_Assignment_. Each line below that contains the word "blocks" must be copied.

----

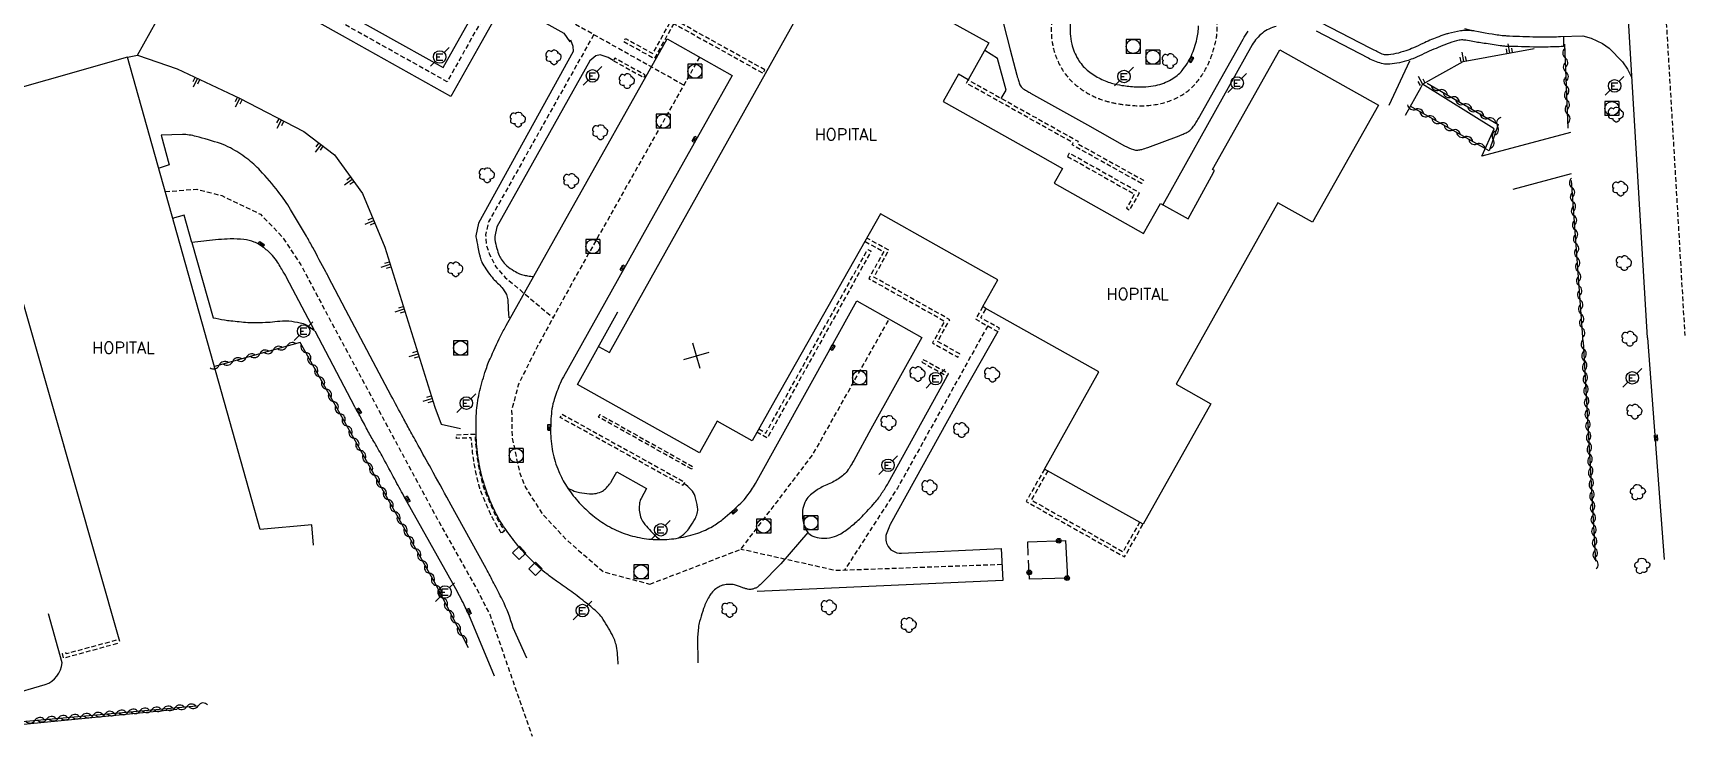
# Model space of a CAD drawing. Header units: millimetres. Extents: x 80000 to 81001, y 143000 to 144000.
# Drawn here: x 80392.6 to 80568.1, y 143599.8 to 143676 of the extents above; entities that cross this region are included whole.
import ezdxf
from ezdxf.enums import TextEntityAlignment as Align

# ---------------------------------------------------------------- set-up
doc = ezdxf.new("R2010")
doc.units = ezdxf.units.MM
doc.linetypes.add('DASHED', pattern=[0.75, 0.5, -0.25])
doc.layers.get('0').update_dxf_attribs({"linetype": 'CONTINUOUS'})
for name, color, linetype in [('W0001', 6, 'DASHED'), ('W0008', 7, 'CONTINUOUS'), ('W0100', 7, 'CONTINUOUS'), ('W0112', 1, 'DASHED'), ('W0211', 2, 'CONTINUOUS'), ('W0300', 7, 'CONTINUOUS'), ('W0310', 3, 'CONTINUOUS'), ('W0322', 7, 'CONTINUOUS'), ('W0334', 7, 'CONTINUOUS'), ('W0400', 7, 'CONTINUOUS'), ('W0420', 7, 'CONTINUOUS'), ('W0471', 7, 'CONTINUOUS'), ('W0984', 7, 'CONTINUOUS'), ('W0991', 7, 'CONTINUOUS')]:
    doc.layers.add(name, color=color, linetype=linetype)
doc.styles.get("Standard").update_dxf_attribs({"font": 'romans.shx', "width": 0.85})

# ---------------------------------------------------------------- blocks, each defined once
blk = doc.blocks.new('t991o')
at = {"color": 0, "linetype": 'Continuous'}
for p, q in [((-1, 1), (1, -1)), ((-1, -1), (1, 1))]:
    blk.add_line(p, q, dxfattribs=at)
blk = doc.blocks.new('t310o')
at = {"color": 0, "linetype": 'Continuous'}
for centre, start, end in [((-0.5, 0.38), 216.8699, 323.1304), ((0.5, -0.37), 36.8699, 143.1303)]:
    blk.add_arc(centre, 0.625, start, end, dxfattribs=at)
blk = doc.blocks.new('t322o')
at = {"color": 0, "linetype": 'Continuous'}
for radius in [0.25, 0.15]:
    blk.add_circle((0, 0), radius, dxfattribs=at)
blk = doc.blocks.new('t211o')
at = {"color": 0, "linetype": 'Continuous'}
for p, q in [((-0.29, 0.5), (-0.29, 0)), ((0, 1), (0, 0)), ((0.29, 0.5), (0.29, 0))]:
    blk.add_line(p, q, dxfattribs=at)
blk = doc.blocks.new('T471')
for p, q in [((-0.333334, 0.333334), (-0.333334, -0.333334)), ((-0.333334, 0.333334), (0.333334, 0.333334)), ((-0.333334, 0), (0, 0)), ((0.500001, 0.500001), (1.000002, 1.000002)), ((-0.500001, -0.500001), (-1.000002, -1.000002)), ((-0.333334, -0.333334), (0.333334, -0.333334))]:
    blk.add_line(p, q)
blk.add_ellipse((0, 0), major_axis=(0.471405, 0.471405), ratio=1, start_param=5.4977871438, end_param=11.780972451)
blk = doc.blocks.new('T400')
for p, q in [((-0.15, 0.3), (0.15, 0.3)), ((-0.15, -0.25), (-0.15, 0.3)), ((-0.15, 0.15), (0.15, 0.15)), ((-0.15, 0), (0.15, 0)), ((0.15, 0.3), (0.15, -0.25)), ((-0.15, -0.15), (0.15, -0.15)), ((-0.15, -0.25), (-0.15, -0.3)), ((-0.15, -0.3), (0.15, -0.3)), ((0.15, -0.3), (0.15, -0.25))]:
    blk.add_line(p, q)
blk = doc.blocks.new('T300')
for p, q in [((-0.8, 0.51), (-0.86, 0.34)), ((-0.86, 0.34), (-0.86, 0.17)), ((-0.86, 0.17), (-0.74, 0.06)), ((-0.69, 0.63), (-0.8, 0.51)), ((-0.8, -0.06), (-0.74, 0.06)), ((-0.74, 0.06), (-0.69, 0.11)), ((-0.57, 0.69), (-0.69, 0.63)), ((-0.46, 0.69), (-0.57, 0.69)), ((-0.29, 0.63), (-0.46, 0.69)), ((-0.29, 0.63), (-0.17, 0.74)), ((-0.23, 0.57), (-0.29, 0.63)), ((-0.17, 0.74), (-0.06, 0.8)), ((-0.06, 0.8), (0.06, 0.8)), ((0.06, 0.8), (0.23, 0.74)), ((0.23, 0.74), (0.34, 0.63)), ((0.34, 0.63), (0.4, 0.51)), ((0.46, 0.46), (0.34, 0.46)), ((0.4, 0.51), (0.4, 0.46)), ((0.57, 0.4), (0.46, 0.46)), ((0.57, 0.4), (0.69, 0.29)), ((0.69, 0.29), (0.74, 0.17)), ((0.74, 0.06), (0.69, -0.17)), ((0.74, 0.17), (0.74, 0.06)), ((-0.8, -0.17), (-0.8, -0.06)), ((-0.8, -0.23), (-0.8, -0.17)), ((-0.74, -0.34), (-0.8, -0.23)), ((-0.69, -0.4), (-0.74, -0.34)), ((-0.51, -0.46), (-0.69, -0.4)), ((-0.4, -0.46), (-0.51, -0.46)), ((-0.4, -0.46), (-0.34, -0.46)), ((-0.34, -0.46), (-0.34, -0.4)), ((-0.34, -0.51), (-0.34, -0.46)), ((-0.29, -0.63), (-0.34, -0.51)), ((-0.17, -0.74), (-0.29, -0.63)), ((-0.06, -0.8), (-0.17, -0.74)), ((0.06, -0.8), (-0.06, -0.8)), ((0.17, -0.74), (0.06, -0.8)), ((0.23, -0.69), (0.17, -0.74)), ((0.29, -0.46), (0.23, -0.46)), ((0.29, -0.63), (0.23, -0.69)), ((0.46, -0.4), (0.29, -0.46)), ((0.34, -0.51), (0.29, -0.63)), ((0.34, -0.51), (0.34, -0.46)), ((0.57, -0.34), (0.46, -0.4)), ((0.63, -0.29), (0.57, -0.34)), ((0.69, -0.17), (0.63, -0.29))]:
    blk.add_line(p, q)
blk = doc.blocks.new('T420')
for p, q in [((0.75, 0.75), (-0.75, 0.75)), ((-0.75, 0.75), (-0.75, -0.75)), ((0.75, 0.75), (0.75, -0.75)), ((0.75, -0.75), (-0.75, -0.75))]:
    blk.add_line(p, q)
blk.add_ellipse((0, 0), major_axis=(-0.53, 0.53), ratio=1, start_param=3.926991, end_param=10.210176)
blk = doc.blocks.new('t112o')
at = {"color": 0, "linetype": 'Continuous'}
for p, q in [((-0.5, 0.5), (0.5, 0.5)), ((-0.5, -0.5), (-0.5, 0.5)), ((0.5, 0.5), (0.5, -0.5)), ((0.5, -0.5), (-0.5, -0.5))]:
    blk.add_line(p, q, dxfattribs=at)

msp = doc.modelspace()

# ---------------------------------------------------------------- linework, layer by layer
at = {"layer": 'W0001', "flags": 128}
for points in [[(80462.06, 143670.44), (80447.82, 143678.43), (80451.82, 143685.62), (80412.66, 143707.97), (80418.94, 143718.88), (80422.33, 143724.58), (80424.51, 143727.56), (80427.03, 143730.78), (80429.21, 143732.44), (80442.83, 143737.97), (80446.36, 143739.56), (80448.45, 143743.2), (80457.86, 143753.2)], [(80446.75, 143688.52), (80436.81, 143670.8), (80408.9, 143686.39), (80419.12, 143704.29)], [(80565.73, 143697.32), (80568.9, 143643.74)], [(80452.45, 143675.83), (80442.7, 143658.46), (80441.22, 143655.85), (80440.92, 143654.46), (80441, 143653.37), (80441.3, 143652.46), (80441.99, 143651.07), (80443, 143649.93), (80448.11, 143645.64)], [(80463.75, 143673.43), (80450.37, 143649.75), (80446.45, 143642.59), (80444.42, 143638.53), (80443.69, 143635.73), (80443.74, 143632.83), (80444.56, 143629.06), (80445.19, 143627.51), (80446.9, 143624.78), (80449.56, 143621.93), (80453.51, 143618.52), (80458.45, 143617.21), (80458.45, 143617.21)], [(80406.72, 143659.09), (80410.08, 143659.34), (80412.75, 143658.66), (80416.89, 143656.67), (80419.18, 143654.3), (80421.21, 143651.26), (80423.81, 143646.34), (80436.12, 143623.5), (80439.92, 143616.78), (80441.39, 143613.89), (80445.87, 143601)], [(80458.45, 143617.21), (80468.15, 143620.92), (80475.82, 143630.99), (80483.99, 143645.49)], [(80494.5, 143644.76), (80484.87, 143627.45), (80479.21, 143618.69)], [(80496.02, 143619.29), (80478.29, 143618.65), (80468.15, 143620.92)]]:
    msp.add_lwpolyline(points, dxfattribs=at)
msp.add_lwpolyline([(80502.72, 143680.81, 0.052736), (80501.82, 143679.33, 0.083409), (80501.35, 143677.62, 0.038291), (80501.3, 143675.84, 0.051024), (80501.52, 143674.33, 0.071514), (80502.42, 143672.18, 0.083294), (80503.83, 143670.52, 0.052888), (80505.41, 143669.45, 0.052829), (80507.18, 143668.73, 0.031503), (80508.53, 143668.43, 0.023657), (80510.21, 143668.26, 0.065896), (80512.85, 143668.45, 0.07895), (80515.09, 143669.3, 0.088674), (80516.8, 143670.73, 0.070871), (80518.09, 143672.82, 0.045314), (80518.79, 143674.89, 0.057798), (80519.01, 143676.77, 0.049589), (80518.83, 143678.63, 0.037176), (80518.22, 143680.8, 0.056299), (80517.04, 143683.2, 0.074307), (80515.54, 143684.92, 0.072169), (80513.92, 143685.94, 0.060566), (80511.93, 143686.54, 0.0626), (80509.75, 143686.65, 0.081868), (80507.86, 143686.19, 0.068333), (80506.34, 143685.28, 0.036355), (80504.45, 143683.52, 0.049065), (80503.52, 143682.3, 0.027418)], format="xyb", close=True, dxfattribs=at)
at = {"layer": 'W0008', "flags": 128}
for points in [[(80446.23, 143685.3), (80440.42, 143674.93), (80440.42, 143674.93), (80437.22, 143669.23), (80425.65, 143675.71), (80407.33, 143685.95), (80416.47, 143701.97)], [(80418.48, 143700.87), (80410.47, 143686.8), (80432.04, 143674.75), (80436.38, 143672.31), (80444.28, 143686.41)], [(80564.93, 143643.49), (80561.71, 143697.05)], [(80495.94, 143669.03), (80496.46, 143669.9), (80495.54, 143673.3), (80494.2, 143674.15)], [(80556.71, 143665.4), (80547.23, 143662.87), (80548.54, 143665.78), (80540.92, 143670.53), (80540.72, 143670.18), (80539.05, 143667.21)], [(80550.58, 143659.34), (80556.8, 143661.02)]]:
    msp.add_lwpolyline(points, dxfattribs=at)
for points in [[(80445.98, 143677.79), (80449.28, 143675.97), (80449.92, 143675.05), (80449.98, 143675.28), (80450.24, 143674.61), (80450.27, 143674.02), (80440.14, 143655.71), (80439.89, 143654.35, 0.087073), (80439.89, 143654.26, 0.006898), (80440.1, 143653.16, 0.004186), (80440.24, 143652.45, 0.008168), (80440.33, 143652.09, 0.050039), (80440.53, 143651.53, 0.037247), (80440.93, 143650.84, 0.015856), (80441.24, 143650.41, 0.010554), (80441.74, 143649.79, 0.030817), (80442.19, 143649.32, -0.030634), (80442.65, 143648.84, -0.063209), (80443.13, 143648.09, -0.09622), (80443.28, 143647.53, -0.004974), (80443.3, 143647.17, 0.002956), (80443.33, 143646.57, 0.00281), (80443.35, 143646.19, 0.00194), (80443.39, 143645.63)], [(80495.82, 143678.37), (80496.89, 143674.22), (80497.61, 143671.51, 0.009179), (80497.71, 143671.17, 0.006658), (80497.85, 143670.7, 0.076979), (80498.08, 143670.26, 0.103118), (80498.36, 143670.01, 0.002485), (80498.69, 143669.82, 0.002113), (80499.08, 143669.6), (80505.14, 143666.2), (80509.11, 143663.98, 0.047985), (80510.05, 143663.57, 0.104533), (80510.52, 143663.51, 0.039797), (80510.95, 143663.59, 0.024974), (80511.6, 143663.8), (80514.93, 143665.04, 0.011764), (80515.26, 143665.18, 0.008944), (80515.69, 143665.37, 0.062975), (80516.07, 143665.61, 0.058197), (80516.4, 143665.95, 0.016836), (80516.72, 143666.41, 0.017187), (80517, 143666.88), (80521.75, 143675.36, -0.036348), (80522.3, 143676.19, -0.030749)], [(80503.34, 143677.41, 0.038291), (80503.3, 143675.93, 0.051024), (80503.47, 143674.83, 0.071514), (80504.14, 143673.21, 0.083294), (80505.12, 143672.05, 0.052888), (80506.35, 143671.22, 0.052829), (80507.73, 143670.66, 0.031503), (80508.83, 143670.42, 0.023657), (80510.32, 143670.26, 0.065896), (80512.44, 143670.41, 0.07895), (80514.09, 143671.04, 0.088674), (80515.26, 143672.02, 0.070871), (80516.25, 143673.62, 0.045314), (80516.83, 143675.35, 0.057798), (80517, 143676.77, 0.049589)], [(80546.38, 143676.22, 0.026181), (80545.45, 143676.27, 0.0499), (80544.97, 143676.23, 0.008223), (80543.69, 143675.95, 0.026678), (80543.3, 143675.84, 0.007508), (80542.44, 143675.53, 0.008543), (80541.7, 143675.23, 0.013822), (80540.93, 143674.88, -0.010634), (80539.94, 143674.42, -0.022826), (80539.13, 143674.11, -0.018092), (80538.07, 143673.8, -0.062758), (80537.01, 143673.67, -0.119111), (80536.46, 143673.8, -0.00203), (80535.91, 143674.09, 0.001897), (80535.33, 143674.4), (80530.01, 143677.14, 0.047169), (80529.08, 143677.52, 0.033638), (80527.71, 143677.83, 0.047564), (80527.06, 143677.87, 0.016776), (80525.23, 143677.74, 0.048088), (80524.36, 143677.56, 0.030863), (80523.08, 143677.08)], [(80455.05, 143608.66, 0.051194), (80454.87, 143610.59, 0.075497), (80454.42, 143611.82, 0.020111), (80453.31, 143613.67, 0.067058), (80452.89, 143614.16, 0.012326), (80451.68, 143615.18, 0.009781), (80450.11, 143616.39, 0.009814), (80448.49, 143617.53, -0.015153), (80447.45, 143618.29, -0.024398), (80446.63, 143618.98, -0.012344), (80445.12, 143620.47, -0.024809), (80444.1, 143621.65, -0.018065), (80442.84, 143623.37, -0.040486), (80441.78, 143625.23, -0.031674), (80440.8, 143627.78, -0.031964), (80440.24, 143630.02, -0.029582), (80439.94, 143632.5, -0.030184), (80439.94, 143635.47, -0.042235), (80440.24, 143637.57, -0.019015), (80440.85, 143639.78, -0.027976), (80441.39, 143641.23, -0.007666), (80442.52, 143643.67, -0.016108), (80443.11, 143644.8), (80449.03, 143655.34), (80460.28, 143675.38), (80467.22, 143671.48), (80462.05, 143662.24), (80449.22, 143639.32, 0.03335), (80448.77, 143638.39, 0.019273), (80448.18, 143636.71, 0.04885), (80447.96, 143635.63, 0.026087), (80447.85, 143633.57, 0.049553), (80448.07, 143631.34, 0.050588), (80448.72, 143629.24, 0.042703), (80449.55, 143627.66, 0.038439), (80450.75, 143626.07, 0.03652), (80452.16, 143624.7, 0.037499), (80453.71, 143623.57, 0.048261), (80455.58, 143622.66, 0.047917), (80457.61, 143622.12, 0.042486), (80459.52, 143621.96, 0.041086), (80461.5, 143622.13, 0.040124), (80463.58, 143622.66, 0.050421), (80465.13, 143623.37, 0.038856), (80466.25, 143624.15, 0.020858), (80468.15, 143625.84, 0.040648), (80468.81, 143626.59, 0.024825), (80469.73, 143627.95)], [(80525.3, 143676.7, 0.102701), (80523.82, 143675.99, 0.102811), (80522.74, 143674.74), (80513.21, 143657.68)], [(80555.95, 143675.6), (80555.95, 143674.56, -0.005464), (80554.09, 143674.5, -0.010902), (80553.16, 143674.5, -0.001582), (80549.81, 143674.58, -0.022759), (80549.58, 143674.6, -0.00555), (80549.2, 143674.65, -0.001208), (80547.48, 143674.9, -0.010972), (80546.1, 143675.13, 0.019632), (80545.33, 143675.25, 0.07938), (80544.81, 143675.23, 0.037622), (80543.77, 143674.93, 0.006081), (80542.83, 143674.56, 0.005907), (80541.88, 143674.17, 0.011582), (80540.82, 143673.69, -0.012852), (80539.87, 143673.26, -0.030769), (80539.22, 143673.03, -0.019444), (80538.17, 143672.78, -0.045621), (80537.18, 143672.67, -0.070556), (80536.54, 143672.76, -0.027149), (80535.82, 143672.99, -0.02676), (80535.13, 143673.31), (80529.6, 143676.2, 0.051524)], [(80545.4, 143676.47, 0.010584), (80548.35, 143675.9, 0.02215), (80549.77, 143675.72, 0.011206), (80550.19, 143675.69, 0.001668), (80553.05, 143675.6, 0.009859), (80553.92, 143675.59, 0.005072), (80555.62, 143675.62), (80555.62, 143675.62), (80558.02, 143675.69), (80558.91, 143675.45), (80560.11, 143674.88), (80560.82, 143674.37), (80562.25, 143672.92), (80562.8, 143672.15), (80563.26, 143671.22)], [(80454.54, 143673.06), (80454, 143673.38), (80453.14, 143673.69), (80452.67, 143673.58), (80452.03, 143673.02), (80442.11, 143655.34), (80441.91, 143654.31, 0.086997), (80441.9, 143653.98, 0.028375), (80442.12, 143653.01, 0.036663), (80442.38, 143652.27, 0.048726), (80442.67, 143651.75, 0.059475), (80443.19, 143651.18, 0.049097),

----

_Result below_.
# ---------------------------------------------------------------- blocks, each defined once
blk = doc.blocks.new('t991o')
blk = doc.blocks.new('t310o')
blk = doc.blocks.new('t322o')
blk = doc.blocks.new('t211o')
blk = doc.blocks.new('T471')
blk = doc.blocks.new('T400')
blk = doc.blocks.new('T300')
blk = doc.blocks.new('T420')
blk = doc.blocks.new('t112o')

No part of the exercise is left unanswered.